Editor: Keith Davis
Writer: Dave Maley
Publisher: Office of Public Information

Volume 22, No. 9   January 17, 2000

 



 




Emerson Foundation Awards Humanities Grant

The Fred L. Emerson Foundation has awarded a grant of $250,000 toward efforts by the College to enhance educational opportunities for students in the School of Humanities and Sciences. The gift, added to the Fred L. Emerson Endowed Scholarship and Internship Fund, will allow the College to provide stipends and other support for collaborative research by students and faculty in the humanities disciplines.

"We are especially pleased that the Emerson Foundation, friend of the College for 25 years, has chosen to help us provide this significant and much-needed support for the humanities," says President Peggy R. Williams. "Ithaca takes great pride in its tradition of providing a hands-on education, integrating theory and practice. But we have lacked resources dedicated to fostering these opportunities in the liberal arts. Through this generous grant we will be able to initiate an annual competitive program to identify worthy collaborative projects and provide stipends for the student participants."

Faculty and students will be encouraged to develop proposals to be reviewed and awarded under the direction of Howard Erlich, dean of the School of Humanities and Sciences. "Students regularly report that these collaborative learning experiences, which often take place outside the classroom, are among their most memorable," says Erlich. "This research model has been a well-established success in other programs in the school, such as the sciences, and we look forward to fully extending it to the humanities."

One of the largest institutional contributors in Ithaca's history, the Emerson Foundation made its initial grant to the College in 1975 to establish an endowed scholarship fund.
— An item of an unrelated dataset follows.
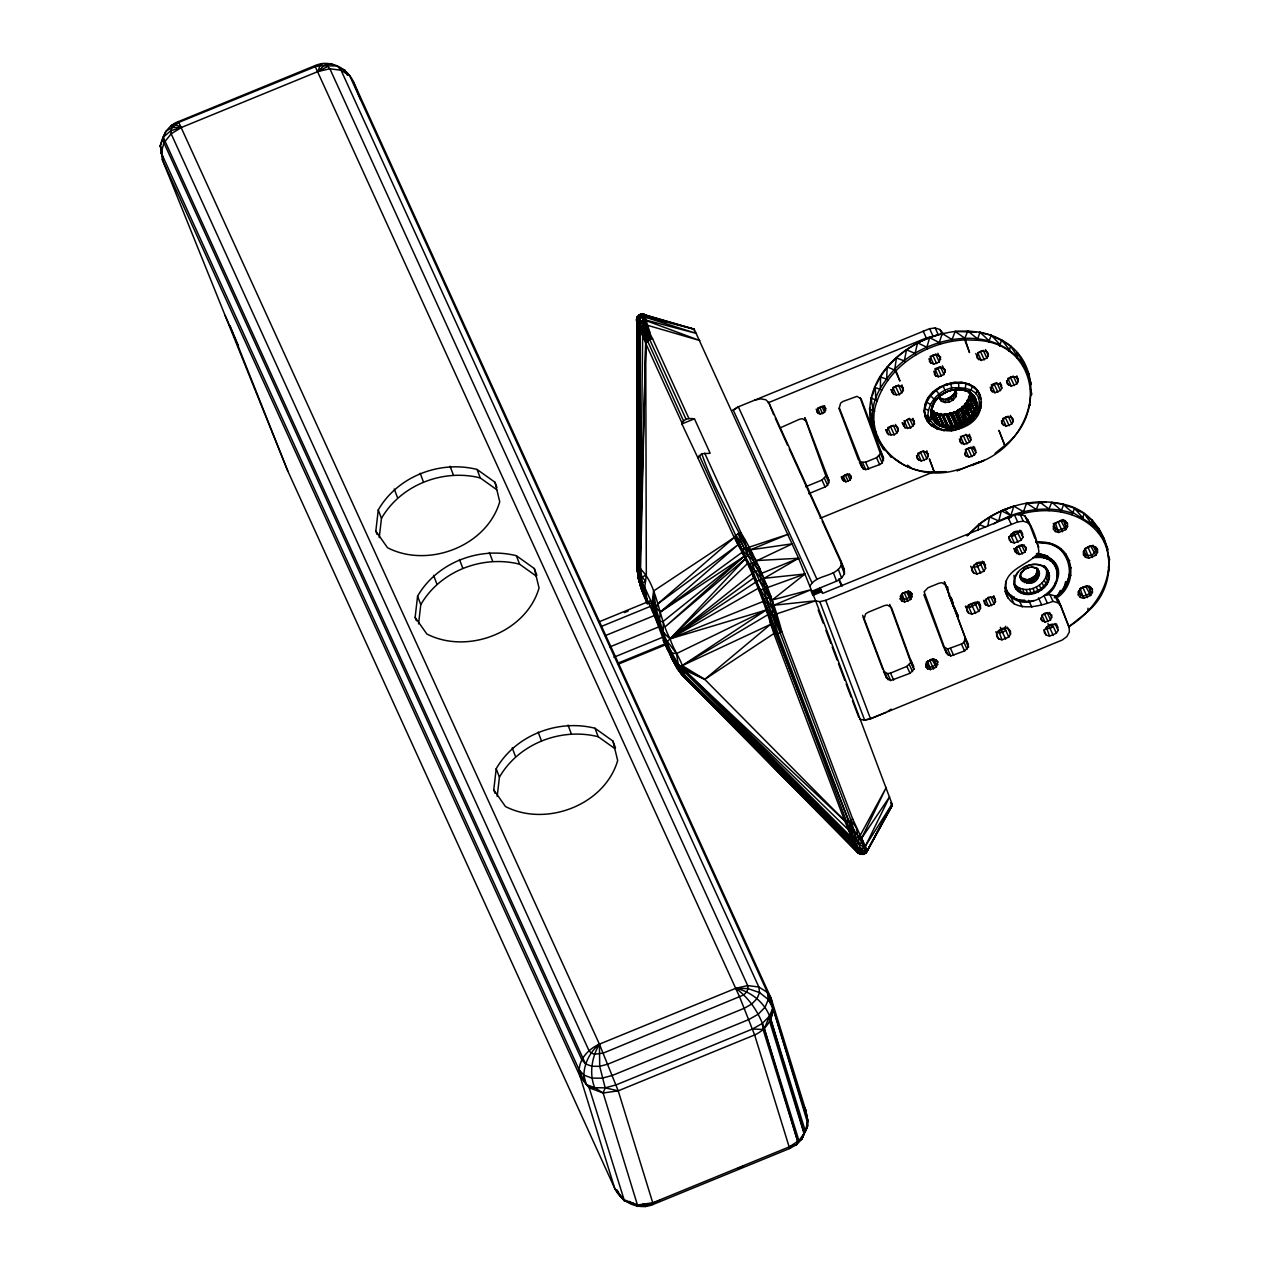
<?xml version="1.0" encoding="UTF-8"?>
<svg xmlns="http://www.w3.org/2000/svg" width="1270" height="1270" viewBox="0 0 1270 1270"><rect width="100%" height="100%" fill="white"/><g stroke="black" fill="none" stroke-linecap="round" stroke-linejoin="round"><path stroke-width="1.5" d="M647.382 604.06C642.271 592.09 637.588 579.517 637.191 566.356L637.461 321.786L636.445 319.627L638.953 315.119L641.604 314.007L694.198 329.2L798.592 558.26L815.626 600.789L892.08 804.037L892.143 805.625L865.854 853.265L862.759 854.377L857.964 852.853L684.609 676.862L676.767 667.75L663.178 640.207L671.592 655.907M637.492 571.262L638.016 319.167L636.857 317.309L637.492 571.262L645.525 581.168L642.303 583.105L641.54 585.756L642.588 589.836L654.367 615.537L665.448 644.858L618.172 664.226M637.381 470.09L637.064 566.674L638.397 578.723L641.652 589.439L638.064 577.278L637.064 566.674L637.27 469.678M641.588 589.185L638.064 577.278L637.191 566.356L637.35 471.472M954.516 412.829L942.642 415.211L941.102 413.591L936.292 414.131L937.292 412.925L943.769 426.641L945.515 427.704C980.853 433.34 989.489 379.746 949.357 390.842C944.943 392.478 940.657 394.748 937.435 398.224C931.45 398.875 930.1 424.228 932.656 413.988C927.275 405.638 941.165 392.557 949.722 390.7C958.469 387.747 969.137 389.366 974.788 397.129L976.709 402.193L976.63 407.829L974.55 413.528L965.311 423.18L958.453 424.942L958.961 426.291L962.565 423.942L963.343 421.005L958.167 409.654L962.184 408.495L961.803 407.003L966.93 403.59L969.994 398.018L968.629 396.732L970.471 394.732L969.423 392.7L976.058 406.702L969.248 391.462M637.461 321.786L638.731 325.231L637.492 565.579L639.08 577.882L642.588 589.836L638.286 577.009L637.191 566.356C657.415 580.692 657.781 616.839 670.131 638.794C673.941 651.97 684.72 663.178 684.562 677.37L857.964 852.853L844.677 820.817L773.859 633.571C763.683 600.361 751.205 567.896 734.203 537.543L697.833 457.74L701.754 453.692L710.168 453.311L694.452 418.798C689.848 418.132 683.244 418.401 681.911 423.942L697.833 457.74M638.397 578.723L638.143 470.837M638.096 571.77L637.064 566.674L637.81 470.09M637.635 567.944L639.334 322.628L638.016 319.167L642.366 315.992L644.938 316.405L641.604 314.007L638.683 315.087L636.857 317.309L636.524 321.088M637.683 322.231L639.334 322.628L642.652 336.359L639.985 573.961L641.54 585.756L644.081 592.836M601.266 626.491L650.367 606.377L653.161 609.314L663.146 635.349L663.321 621.284L743.95 556.482L660.194 612.108L659.209 626.158C668.147 643.064 670.814 663.511 684.546 677.529L784.828 777.986M1046.131 594.979C1062.434 586.899 1061.212 557.482 1039.67 557.403L1040.638 554.038C1090.089 569.579 1023.636 629.158 1005.046 587.899L1006.11 588.121C1009.221 599.916 1024.255 602.996 1033.923 600.519M646.208 597.376L645.874 593.296L641.54 585.756L639.08 577.882L640.572 568.309L645.731 343.424L638.731 325.231M641.699 588.28L638.064 577.278L639.953 567.769L645.731 343.424L649.653 339.36L652.605 338.82L688.975 418.624M995.093 453.342L1004.681 445.532L998.95 430.371L1004.872 445.373C1047.559 412.353 1035.479 343.329 977.233 340.281L979.98 332.248C1055.116 347.551 1040.828 440.785 977.741 462.994L980.122 461.661C912.416 488.251 1019.35 446.167 971.629 465.598M931.609 410.972L933.656 411.051L934.418 413.004L937.133 412.686L943.769 426.641L939.975 425.418L938.832 422.402L936.657 423.354L931.561 412.353L936.482 423.212L939.609 425.894L943.769 426.641L938.212 414.29L944.245 426.752L938.721 414.306L945.515 427.704L948.182 427.26L941.102 413.591L946.277 424.926L944.245 426.752L938.212 414.29L936.292 414.131L942.896 414.893L948.69 427.276L952.167 427.847L958.961 426.291L962.088 424.18L955.961 411.766L959.263 423.053L957.834 426.006L952.167 427.847L948.182 427.26L942.642 414.877L945.372 413.734L950.547 425.069C947.166 431.149 938.625 425.482 934.942 422.577L933.894 417.274L931.91 416.798L932.656 413.988L932.116 416.655M976.122 406.829L976.249 403.352L973.042 396.176L976.249 403.352L976.63 407.829L974.9 411.21L972.391 412.036L974.55 413.528C970.915 415.941 969.089 423.862 963.343 421.005L965.311 423.18L966.264 421.672L960.739 409.21L961.803 407.003L969.883 418.592L972.804 415.052L967.248 402.542L969.994 398.018L968.629 396.732L975.011 410.639L973.788 408.067L976.17 407.067L969.216 393.033M1026.636 583.2L1026.747 579.628C1017.095 575.564 1020.096 579.247 1026.684 581.977C1034.018 583.136 1041.94 574.58 1036.51 567.896L1039.463 573.437C1035.621 594.852 1005.189 575.532 1029.192 567.452M1005.681 581.295L1006.11 588.121M788.845 1147.54L789.638 1148.509L754.634 1034.955L739.727 997.188L314.833 65.707L337.264 65.961L341.058 70.247L349.615 75.629L767.413 992.394L771.096 998.268L773.16 1008.682L807.768 1120.616C808.911 1130.284 800.576 1136.713 796.639 1144.54L789.638 1148.509L653.24 1204.389C638.54 1210.723 621.427 1202.357 614.743 1188.418L287.734 470.884L162.338 159.718L160.306 145.717C162.798 135.477 167.799 125.317 178.419 121.602L314.833 65.707C329.406 59.103 346.821 67.453 353.298 81.486L771.096 998.268L805.704 1110.186L807.768 1120.616L805.418 1131.395L770.811 1019.461C765.937 1003.538 751.872 991.87 735.822 988.282L599.408 1044.162C587.232 1049.465 575.834 1062.403 580.136 1076.5L614.743 1188.418L624.459 1200.896L632.571 1202.992L637.889 1206.421L603.139 1093.01L605.171 1087.834L599.726 1066.34L599.408 1044.162L178.419 121.602M1017.064 358.108L1017.826 353.362L1016.54 353.298M959.215 469.233C902.637 488.315 844.883 431.53 886.666 379.079C917.051 334.566 1001.919 317.77 1028.716 373.872L1027.938 374.999M946.182 471.646L934.26 471.837L929.37 458.883L934.117 471.837C897.414 473.821 862.743 437.277 877.205 400.717C890.032 364.776 927.513 341.757 964.724 339.9L969.518 352.584L964.835 338.233L967.819 330.978L979.98 332.248L989.092 340.773L988.87 342.376M887.921 380.143L886.666 379.079L887.19 366.951C901.525 350.377 921.163 338.884 942.356 333.613L952.055 339.566L952.373 341.185M1068.705 626.634C1096.772 610.029 1119.156 573.421 1103.757 541.211C1087.914 511.413 1048.306 505.206 1018.572 514.906M945.515 427.704L945.642 425.514L948.182 427.26L942.451 414.782L938.451 414.353L943.991 426.783L939.609 425.894L936.863 423.323L931.227 410.956M638.683 315.087L641.604 314.007C644.652 322.628 643.239 331.914 648.399 340.201L642.731 325.914L645.573 324.739L699.865 340.566L643.541 319.675L638.683 315.087L639.032 317.024M939.117 395.176L939.308 398.621L941.435 401.272L945.007 402.526L949.214 402.082L953.087 400.066L953.405 394.668L955.691 390.7C954.135 396.621 947.896 399.653 942.118 399.24L938.498 397.748L939.895 397.764M964.724 339.9L964.835 338.233L955.167 331.438C922.496 335.566 890.349 354.6 876.141 385.096M1069.435 574.723C1072.055 562.419 1064.657 549.751 1053.052 545.274C1049.465 542.353 1020.54 541.639 1045.972 542.814C1073.753 545.132 1079.008 582.231 1057.91 597.122L1056.831 595.868L1062.736 589.375L1067.006 582.2L1069.435 574.723L1070.88 575.373M930.561 421.164L927.179 420.846L925.354 417.036L929.227 423.196L927.179 420.846L929.053 417.814L928.592 415.988L924.989 415.084C917.448 379.603 988.314 367.014 980.583 408.337C974.582 437.547 917.559 438.499 925.179 404.416L932.99 392.208L946.515 383.984L947.055 385.223L950.404 383.08L951.849 387.921C1012.412 383.191 957.707 458.724 929.688 419.513L925.83 418.068L924.211 410.908L928.179 398.018L939.26 387.413L954.23 382.175L968.756 383.826L977.535 390.7L974.471 387.175L961.834 382.127L950.833 383.905M978.852 410.528L980.583 408.337L980.853 404.035L979.075 411.528L969.312 422.037L969.629 422.926M1009.174 594.058L1008.285 592.915L1011.603 596.487M1053.036 563.245L1053.576 561.102L1050.179 558.625L1055.703 564.912L1056.719 568.849M1049.083 572.865L1048.02 572.659C1044.432 562.816 1031.002 562.721 1023.382 567.722C1029.462 563.674 1039.797 562.451 1046.004 568.007C1059.529 584.232 1028.843 603.869 1016.333 589.486L1015.19 584.867C1026.493 597.313 1053.068 582.66 1045.21 566.547C1059.958 585.327 1022.08 605.282 1014.254 583.74M1088.025 608.219L1087.755 611.616L1068.943 626.681M1061.006 511.921L1063.625 504.333C1111.758 514.271 1124.649 581.882 1087.247 611.807M961.803 407.003L966.962 418.338L966.692 421.37L970.677 418.814L964.613 405.701L964.835 403.86L967.248 402.542L973.01 414.893L967.391 402.336L967.137 400.399L969.994 398.018M652.605 338.82L645.573 324.739L646.001 320.088L644.112 314.119L641.35 313.976L641.667 315.928M1024.382 593.995L1022.842 589.153M644.112 314.15L641.604 314.007M896.477 357.695L894.731 369.506L899.938 381.079L895.985 370.618L887.19 366.951C869.378 386.905 863.298 417.655 877.983 441.119L879.364 441.293M377.095 534.48L375.825 531.082L378.269 509.921C397.558 476.361 439.88 460.058 477.06 469.456L494.983 482.267L496.903 487.347M379.238 537.623L381.46 518.398L378.269 509.921M416.417 620.744L415.131 617.363L417.576 596.202C436.864 562.626 479.187 546.322 516.366 555.72L534.305 568.531L536.861 575.31M418.56 623.887L420.783 604.663L417.576 596.202M495.046 793.274L493.76 789.892L496.205 768.731C515.493 735.155 557.816 718.852 594.995 728.25L612.918 741.077L615.49 747.839M497.189 796.433L499.412 777.192L496.205 768.731M965.39 387.826L965.883 383.794M963.374 407.273L967.041 402.701L972.804 415.052L970.01 415.211L964.835 403.86M1043.575 558.07L1044.512 555.006L1048.02 556.546L1053.497 562.197M647.001 599.122L644.716 587.407L646.319 574.977L645.731 343.424L682.101 423.228M861.393 852.63L859.933 854.075L857.663 852.44L859.933 854.075L863.187 854.345L867.378 850.535L852.71 819.023L781.891 631.777C772.509 597.17 759.65 563.674 741.077 532.94L738.124 533.495L734.203 537.543L653.606 590.994L652.018 603.425L654.304 615.14L659.209 626.158M871.029 402.701L871.776 397.399L870.982 398.097L873.268 410.734L874.712 411.353M974.55 413.528L974.9 411.21L969.264 398.034M978.011 530.161L978.837 524.431C1002.411 506 1034.209 497.189 1063.625 504.333C1075.484 518.303 1097.042 521.335 1104.503 540.004L1103.757 541.211M614.743 1188.418L623.808 1199.69L637.746 1204.944L652.828 1202.769L789.241 1146.889L798.909 1140.619L764.302 1028.684C759.111 1012.761 749.348 998.284 735.822 988.282L747.681 985.568L758.857 987.028L767.413 992.394L768.302 999.506L773.16 1008.682C772.525 1020.191 765.159 1030.319 754.634 1034.955L618.22 1090.835L605.171 1087.834L594.693 1087.707L587.835 1086.072L584.264 1081.643C582.184 1067.467 588.439 1053.179 599.408 1044.162L618.22 1090.835L653.24 1204.389L642.795 1204.214L645.398 1206.5L648.192 1204.547M1091.105 525.399L1092.232 520.287L1086.977 516.938M931.37 413.734L931.513 416.814L930.878 411.845L932.116 406.098L937.244 398.478M862.759 854.377C872.839 852.043 847.312 825.516 850.963 820.229L780.145 632.984C779.177 610.457 760.682 595.058 752.872 575.088L753.364 572.325L735.219 535.845C736.616 551.291 753.745 556.657 760.365 569.404L753.364 572.325L846.471 821.23L860.33 854.043L680.768 673.386L674.354 662.21L676.338 664.464M642.652 336.359L646.747 341.709L641.271 327.073L639.81 317.071L637.143 317.325L636.651 320.088L638.016 319.167L641.096 320.738L686.022 419.179M905.288 362.204L904.288 360.87L906.558 349.726M863.187 854.345L848.725 821.071L777.907 633.809L772.43 615.331L772.858 602.012C756.015 582.517 752.205 555.212 735.616 535.178M1072.197 514.858L1074.468 508.127L1082.754 517.858L1082.326 519.382M932.116 406.098L932.91 406.733L931.529 409.226L934.45 401.987L931.418 409.511M970.423 393.478L966.613 402.907L963.057 406.575M1016.333 589.486C1010.158 581.866 1016.556 571.135 1023.382 567.722M1014.793 587.042L1015 577.802L1017.683 572.421M954.897 412.671L949.769 413.099L949.484 414.56L945.372 413.734M987.774 525.971L989.632 516.953L1004.459 509.492L1010.856 515.525L1011.444 517.081L1008.031 518.605M1024.287 582.628L1024.477 579.358L1021.683 578.66L1024.541 581.438L1021.683 578.66M636.476 320.31L637.143 317.325M1021.239 593.026L1019.842 588.232M929.672 337.645L939.292 342.582L939.8 344.17M867.172 851.456L865.41 853.313M1047.147 559.292L1047.178 556.117L1049.068 559.022L1048.02 556.546M999.569 346.123L1001.617 339.804L1009.555 349.933L1009.047 351.409M915.94 354.822L915.099 353.393L917.575 342.884L926.862 347.234L927.544 348.758M1009.555 349.933L1010.523 345.916L1002.014 340.947M934.958 413.464L930.989 411.432L933.656 411.051L939.609 425.894L942.308 424.021L937.292 412.925L934.672 413.004L940.197 425.434L934.418 413.004L939.975 425.418L934.212 412.909L939.784 425.212L936.863 423.323M1064.323 586.724L1065.641 581.565M1072.483 513.27C1052.465 506.587 1030.494 508.397 1010.856 515.525L1001.411 510.794L998.728 520.938L993.87 523.875M1010.714 596.519L1011.079 595.186L1014.555 598.456M1050.338 561.038L1051.068 558.594M617.283 1190.149L619.903 1195.641L624.459 1200.896L589.185 1087.755L580.136 1076.5L162.338 159.718L163.37 158.036L161.195 152.813L163.925 142.811L163.227 137.255L170.783 130.762L181.61 127.397L318.024 71.517L327.803 66.437L329.882 68.786L747.681 985.568L748.062 988.616L746.681 991.886L743.76 994.902L603.329 1053.068L594.503 1054.243L591.042 1052.941L588.962 1050.592L171.164 133.81L170.783 130.762L172.148 127.492L179.118 122.222L323.072 63.5M926.862 347.234L929.719 337.471M971.137 390.128L972.264 386.35M1082.754 517.858L1084.088 513.493L1075.055 509.175M931.91 416.798L927.941 418.433C926.894 403.939 937.641 390.922 951.849 387.921M974.915 401.907L975.916 398.653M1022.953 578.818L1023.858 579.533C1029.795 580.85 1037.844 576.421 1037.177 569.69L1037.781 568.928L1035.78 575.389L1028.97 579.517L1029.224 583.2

In the quarter century since, the fund has been enhanced through additional gifts from the foundation and by contributions from friends, parents, and graduates of the College, including those who participated as Emerson scholars. It has become the largest such fund at the College.

In 1992 a $250,000 gift established the Emerson Intern Awards, which allow students to take advantage of internship opportunities they might not otherwise be able to enjoy because of financial constraints. As the result of a 1994 two-for-one challenge grant, over $1,150,000 was raised to support scholarship and internship initiatives and to give students computer network access from their residence hall rooms. In 1997 the foundation awarded a $500,000 grant to establish the James J. Whalen Scholarship Fund in honor of Whalen's 22-year tenure as president of the College.